The column made it clear that on those key decisions that ended up landing the administration in trouble, it was the president -- not Rahm Emanuel -- who got it wrong.

Items:

- Emanuel "bitterly" opposed former White House counsel Greg Craig's plan to close Guantanamo within a year but was overruled by Obama. "The president would have been better off heeding Emanuel's counsel";

- Emanuel fought against Attorney General Eric Holder's plan to try Khalid Sheik Mohammed in New York and lost. "Another political fiasco";

- Emanuel argued for a smaller, more politically popular health-care bill, but Obama disregarded that strategy. "The result was . . . disastrous";

- Emanuel successfully got 11 substantive bills on Obama's desk in the first half of 2009, but in the second half, Obama let himself get bogged down with big-ticket items and the momentum stopped. "Congress has ground to a halt."
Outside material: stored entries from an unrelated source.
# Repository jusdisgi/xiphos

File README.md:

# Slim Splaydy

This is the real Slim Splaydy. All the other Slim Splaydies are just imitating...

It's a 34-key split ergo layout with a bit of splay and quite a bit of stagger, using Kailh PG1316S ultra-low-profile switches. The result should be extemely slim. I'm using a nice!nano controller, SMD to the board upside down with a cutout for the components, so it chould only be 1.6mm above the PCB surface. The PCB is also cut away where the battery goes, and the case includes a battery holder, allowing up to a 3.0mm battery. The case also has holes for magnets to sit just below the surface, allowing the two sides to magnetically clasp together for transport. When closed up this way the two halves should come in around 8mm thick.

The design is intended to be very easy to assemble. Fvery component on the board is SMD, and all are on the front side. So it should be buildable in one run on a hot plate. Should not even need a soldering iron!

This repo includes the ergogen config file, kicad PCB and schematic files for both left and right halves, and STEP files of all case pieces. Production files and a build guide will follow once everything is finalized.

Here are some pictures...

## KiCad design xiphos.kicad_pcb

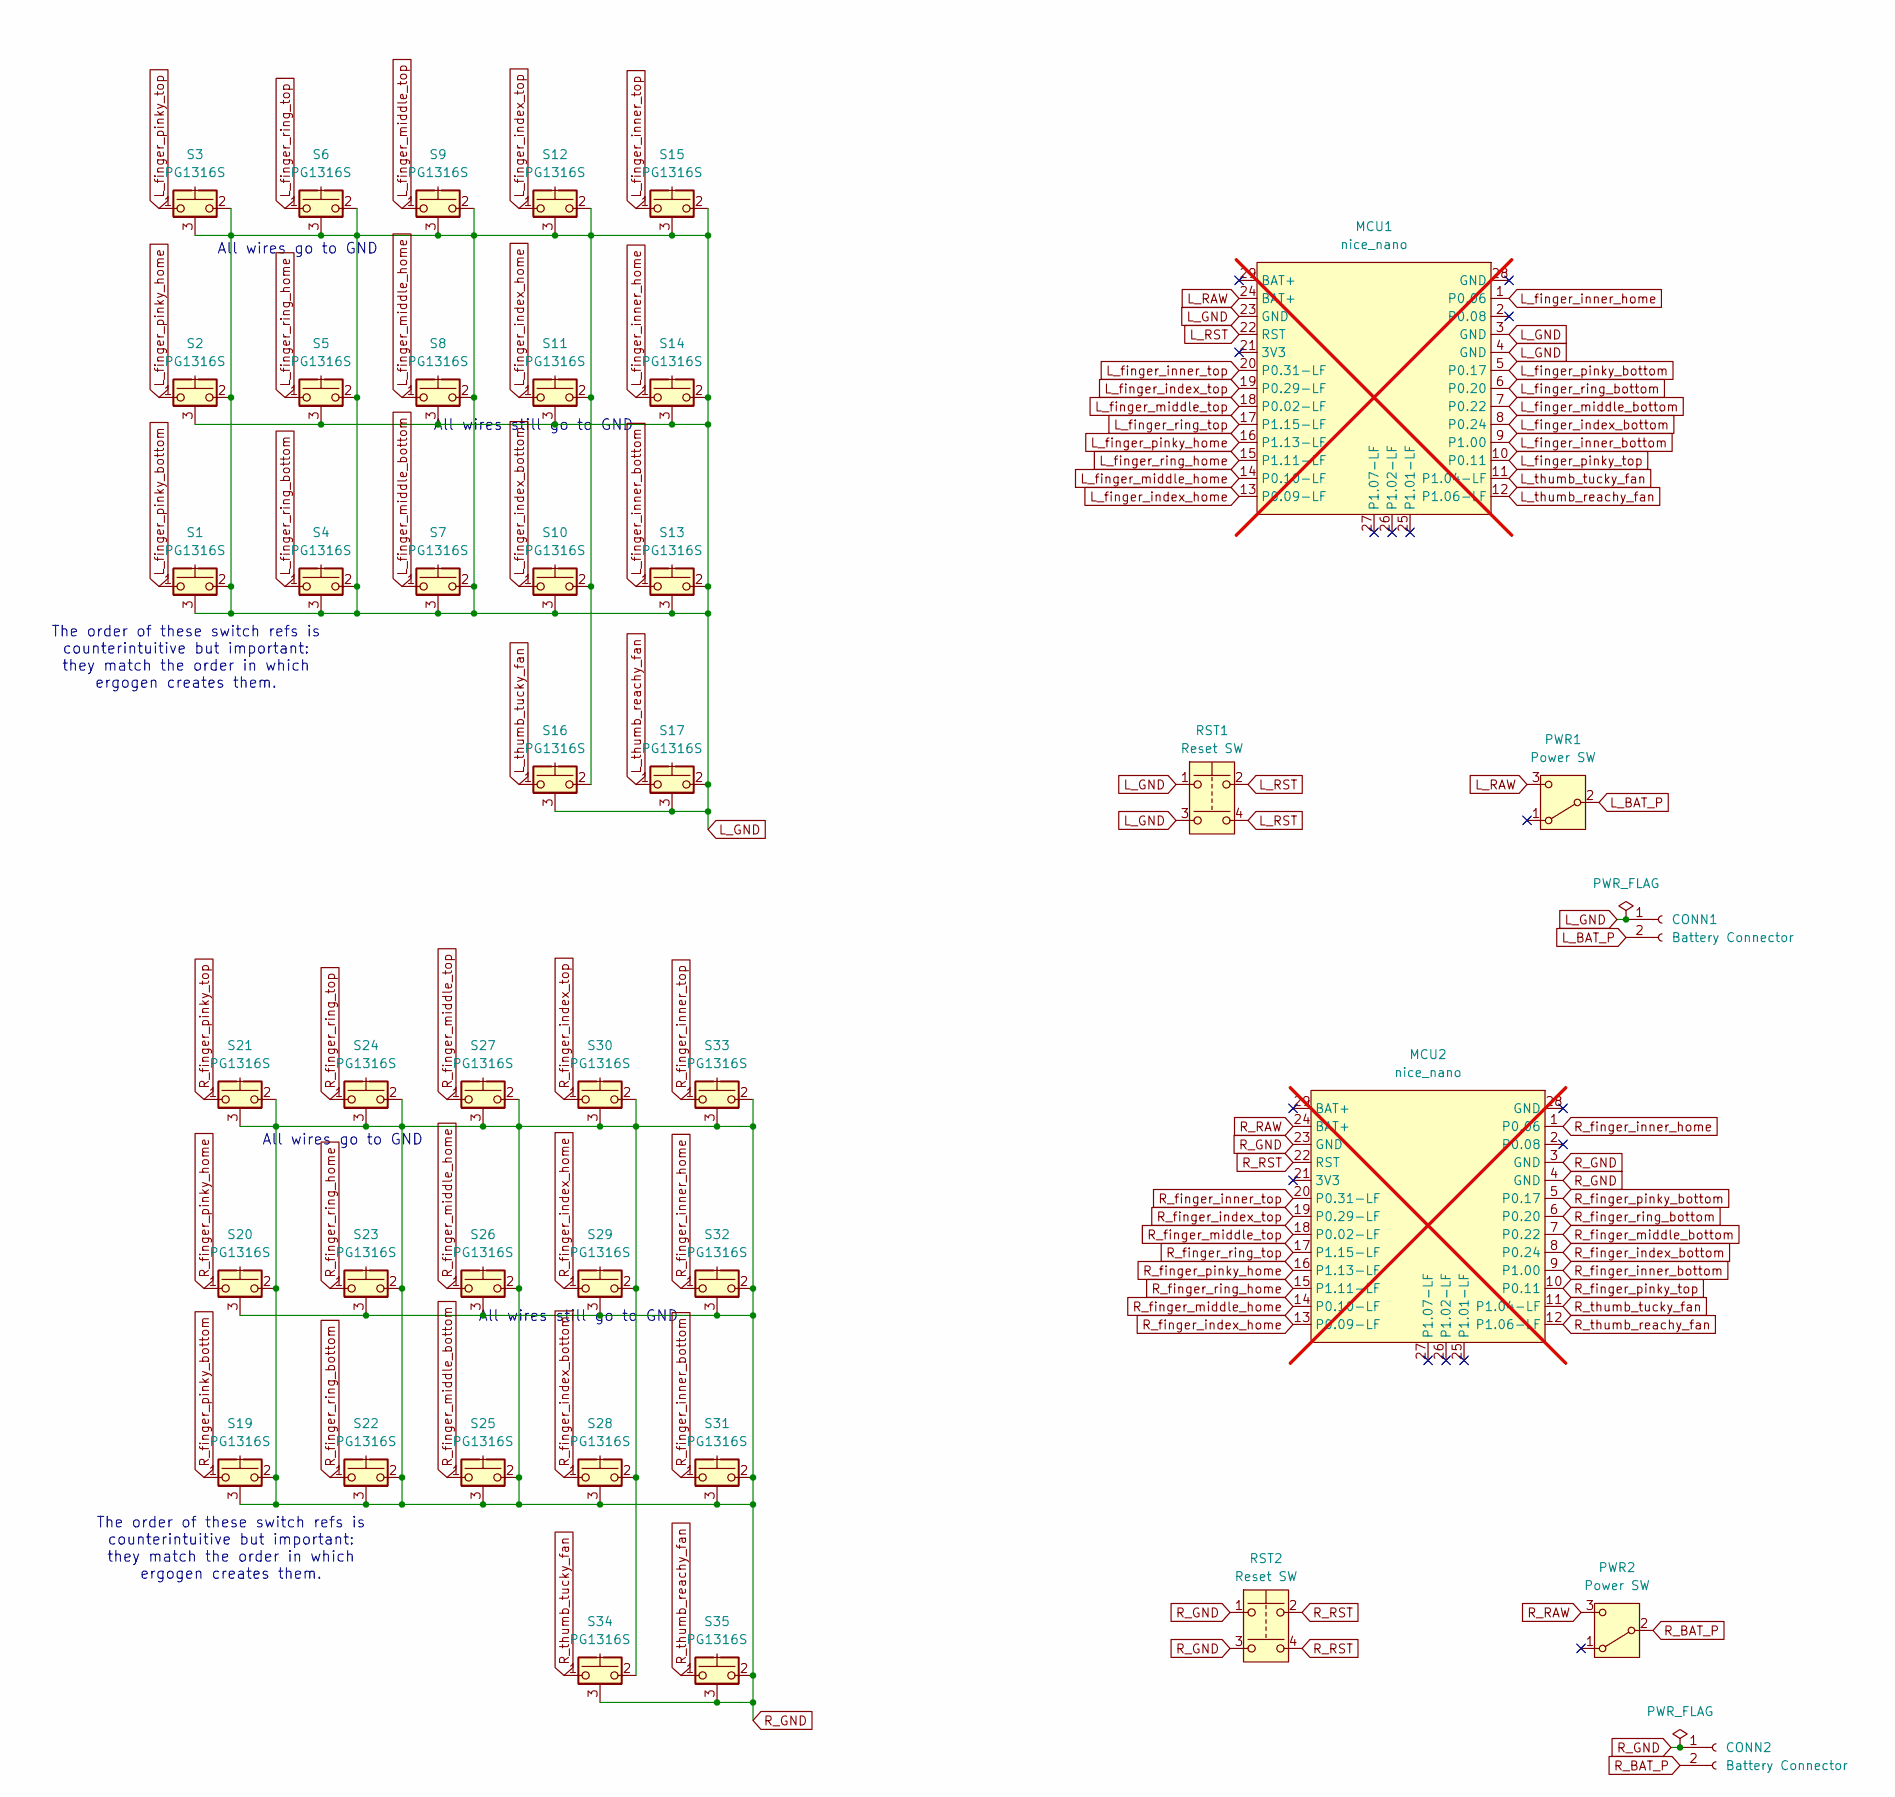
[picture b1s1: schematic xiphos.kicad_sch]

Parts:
CONN1, CONN2: Battery Connector; Molex_Pico-EZmate_78171-0002_1x02-1MP_P1.20mm_Vertical; LCSC C505023
MCU1, MCU2: nice_nano; nice_nano_AH_USBup; LCSC DNP; not fitted
PWR1, PWR2: Power SW; power_switch_smd_side; LCSC C2911519
RST1, RST2: Reset SW; reset_switch_smd_side; LCSC C79174
S1, S2, S3, S4, S5, S6, S7, S8, S9, S10, S11, S12, S13, S14, S15, S16, S17, S19, S20, S21, S22, S23, S24, S25, S26, S27, S28, S29, S30, S31, S32, S33, S34, S35: PG1316S; LCSC C9900170245

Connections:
L_3V3: MCU1.21 (3V3)
L_BAT_P: CONN1.2, PWR1.2 (B)
L_GND: CONN1.1, MCU1.3 (GND), MCU1.4 (GND), MCU1.23 (GND), RST1.1, RST1.3, S1.2, S1.3 (B), S2.2, S2.3 (B), S3.2, S3.3 (B), S4.2, S4.3 (B), S5.2, S5.3 (B), S6.2, S6.3 (B), S7.2, S7.3 (B), S8.2, S8.3 (B), S9.2, S9.3 (B), S10.2, S10.3 (B), S11.2, S11.3 (B), S12.2, S12.3 (B), S13.2, S13.3 (B), S14.2, S14.3 (B), S15.2, S15.3 (B), S16.2, S16.3 (B), S17.2, S17.3 (B); also elsewhere on the board
L_RAW: MCU1.24 (BAT+), PWR1.3 (C)
L_RST: MCU1.22 (RST), RST1.2, RST1.4
L_finger_index_bottom: MCU1.8 (P0.24), S10.1
L_finger_index_home: MCU1.13 (P0.09-LF), S11.1
L_finger_index_top: MCU1.19 (P0.29-LF), S12.1
L_finger_inner_bottom: MCU1.9 (P1.00), S13.1
L_finger_inner_home: MCU1.1 (P0.06), S14.1
L_finger_inner_top: MCU1.20 (P0.31-LF), S15.1
L_finger_middle_bottom: MCU1.7 (P0.22), S7.1
L_finger_middle_home: MCU1.14 (P0.10-LF), S8.1
L_finger_middle_top: MCU1.18 (P0.02-LF), S9.1
L_finger_pinky_bottom: MCU1.5 (P0.17), S1.1
L_finger_pinky_home: MCU1.16 (P1.13-LF), S2.1
L_finger_pinky_top: MCU1.10 (P0.11), S3.1
L_finger_ring_bottom: MCU1.6 (P0.20), S4.1
L_finger_ring_home: MCU1.15 (P1.11-LF), S5.1
L_finger_ring_top: MCU1.17 (P1.15-LF), S6.1
L_shift_outer_mid: MCU1.2 (P0.08); also elsewhere on the board
L_thumb_reachy_fan: MCU1.12 (P1.06-LF), S17.1
L_thumb_tucky_fan: MCU1.11 (P1.04-LF), S16.1
R_3V3: MCU2.21 (3V3)
R_BAT_P: CONN2.2, PWR2.2 (B)
R_GND: CONN2.1, MCU2.3 (GND), MCU2.4 (GND), MCU2.23 (GND), RST2.1, RST2.3, S19.2, S19.3 (B), S20.2, S20.3 (B), S21.2, S21.3 (B), S22.2, S22.3 (B), S23.2, S23.3 (B), S24.2, S24.3 (B), S25.2, S25.3 (B), S26.2, S26.3 (B), S27.2, S27.3 (B), S28.2, S28.3 (B), S29.2, S29.3 (B), S30.2, S30.3 (B), S31.2, S31.3 (B), S32.2, S32.3 (B), S33.2, S33.3 (B), S34.2, S34.3 (B), S35.2, S35.3 (B); also elsewhere on the board
R_RAW: MCU2.24 (BAT+), PWR2.1 (A), PWR2.3 (C)
R_RST: MCU2.22 (RST), RST2.2, RST2.4
R_finger_index_bottom: MCU2.8 (P0.24), S28.1
R_finger_index_home: MCU2.13 (P0.09-LF), S29.1
R_finger_index_top: MCU2.19 (P0.29-LF), S30.1
R_finger_inner_bottom: MCU2.9 (P1.00), S31.1
R_finger_inner_home: MCU2.1 (P0.06), S32.1
R_finger_inner_top: MCU2.20 (P0.31-LF), S33.1
R_finger_middle_bottom: MCU2.7 (P0.22), S25.1
R_finger_middle_home: MCU2.14 (P0.10-LF), S26.1
R_finger_middle_top: MCU2.18 (P0.02-LF), S27.1
R_finger_pinky_bottom: MCU2.5 (P0.17), S19.1
R_finger_pinky_home: MCU2.16 (P1.13-LF), S20.1
R_finger_pinky_top: MCU2.10 (P0.11), S21.1
R_finger_ring_bottom: MCU2.6 (P0.20), S22.1
R_finger_ring_home: MCU2.15 (P1.11-LF), S23.1
R_finger_ring_top: MCU2.17 (P1.15-LF), S24.1
R_shift_outer_mid: MCU2.2 (P0.08); also elsewhere on the board
R_thumb_reachy_fan: MCU2.12 (P1.06-LF), S35.1
R_thumb_tucky_fan: MCU2.11 (P1.04-LF), S34.1

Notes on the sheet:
All wires still go to GND
The order of these switch refs is counterintuitive but important: they match the order in which ergogen creates them.
All wires go to GND

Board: 2 copper layers, 76 parts (2 on the bottom side), 44 nets, no tracks yet.

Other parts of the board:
MAG1, MAG2: magsafe
MH1, MH2, MH3, MH4, MH5, MH6, MH7, MH8, MH9, MH10, MH11, MH12, MH13, MH14, MH15, MH16, MH17, MH18, MH19, MH20, MH21, MH22, MH23, MH24, MH25, MH26, MH27, MH28, MH29, MH30: mounting_hole_npth
S18, S36: PG1316S

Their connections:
L_GND: S18.2, S18.3; also elsewhere on the board
L_shift_outer_mid: S18.1; also elsewhere on the board
R_GND: S36.2, S36.3; also elsewhere on the board
R_shift_outer_mid: S36.1; also elsewhere on the board

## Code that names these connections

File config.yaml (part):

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            P1_label: D1
            P0: L_shift_outer_mid
            P0_label: D0
            P2: L_finger_pinky_bottom
            P2_label: D2
            P3: L_finger_ring_bottom
            P3_label: D3
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            P5_label: D5
            P6: L_finger_inner_bottom
            P6_label: D6
            P7: L_finger_pinky_top
            P7_label: D7
            P8: L_thumb_tucky_fan
            P8_label: D8
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            P16_label: D16
            P14: L_finger_ring_home
            P14_label: D14
            P15: L_finger_pinky_home
            P15_label: D15
            P18: L_finger_ring_top
            P18_label: D18
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            P1_label: D1
            P0: R_shift_outer_mid
            P0_label: D0
            P2: R_finger_pinky_bottom
            P2_label: D2
            P3: R_finger_ring_bottom
            P3_label: D3
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            P5_label: D5
            P6: R_finger_inner_bottom
            P6_label: D6
            P7: R_finger_pinky_top
            P7_label: D7
            P8: R_thumb_tucky_fan
            P8_label: D8
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            P16_label: D16
            P14: R_finger_ring_home
            P14_label: D14
            P15: R_finger_pinky_home
            P15_label: D15
            P18: R_finger_ring_top
            P18_label: D18
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
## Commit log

2026-06-04 Initial commit.
2026-06-04 Initial Commit, The Sequel
2026-06-04 Create new Xiphos design
2026-06-05 cleanup
2026-06-06 Adjust magsafe position
2026-06-18 Create new outline and mounting holes. Cleanup. Ready for routing.

When Obama wasn't screwing up, the column suggested, his close confidants -- Valerie Jarrett, Robert Gibbs and David Axelrod (dubbed "the Cult of Obama") -- were.

There's this jewel of an inside jab: "A good example was Obama's unproductive China trip in November. Jarrett, Gibbs and Axelrod went along as courtiers; Emanuel remained at his desk in Washington, struggling to keep alive the big health-care bill that he didn't want in the first place."

It was, perhaps, cheeky of me to say in the June 2008 column that personal aggrandizement is everything to Washington insiders. But I didn't rule them out of administration jobs. "They know stuff," I acknowledged. "Just don't put them in charge."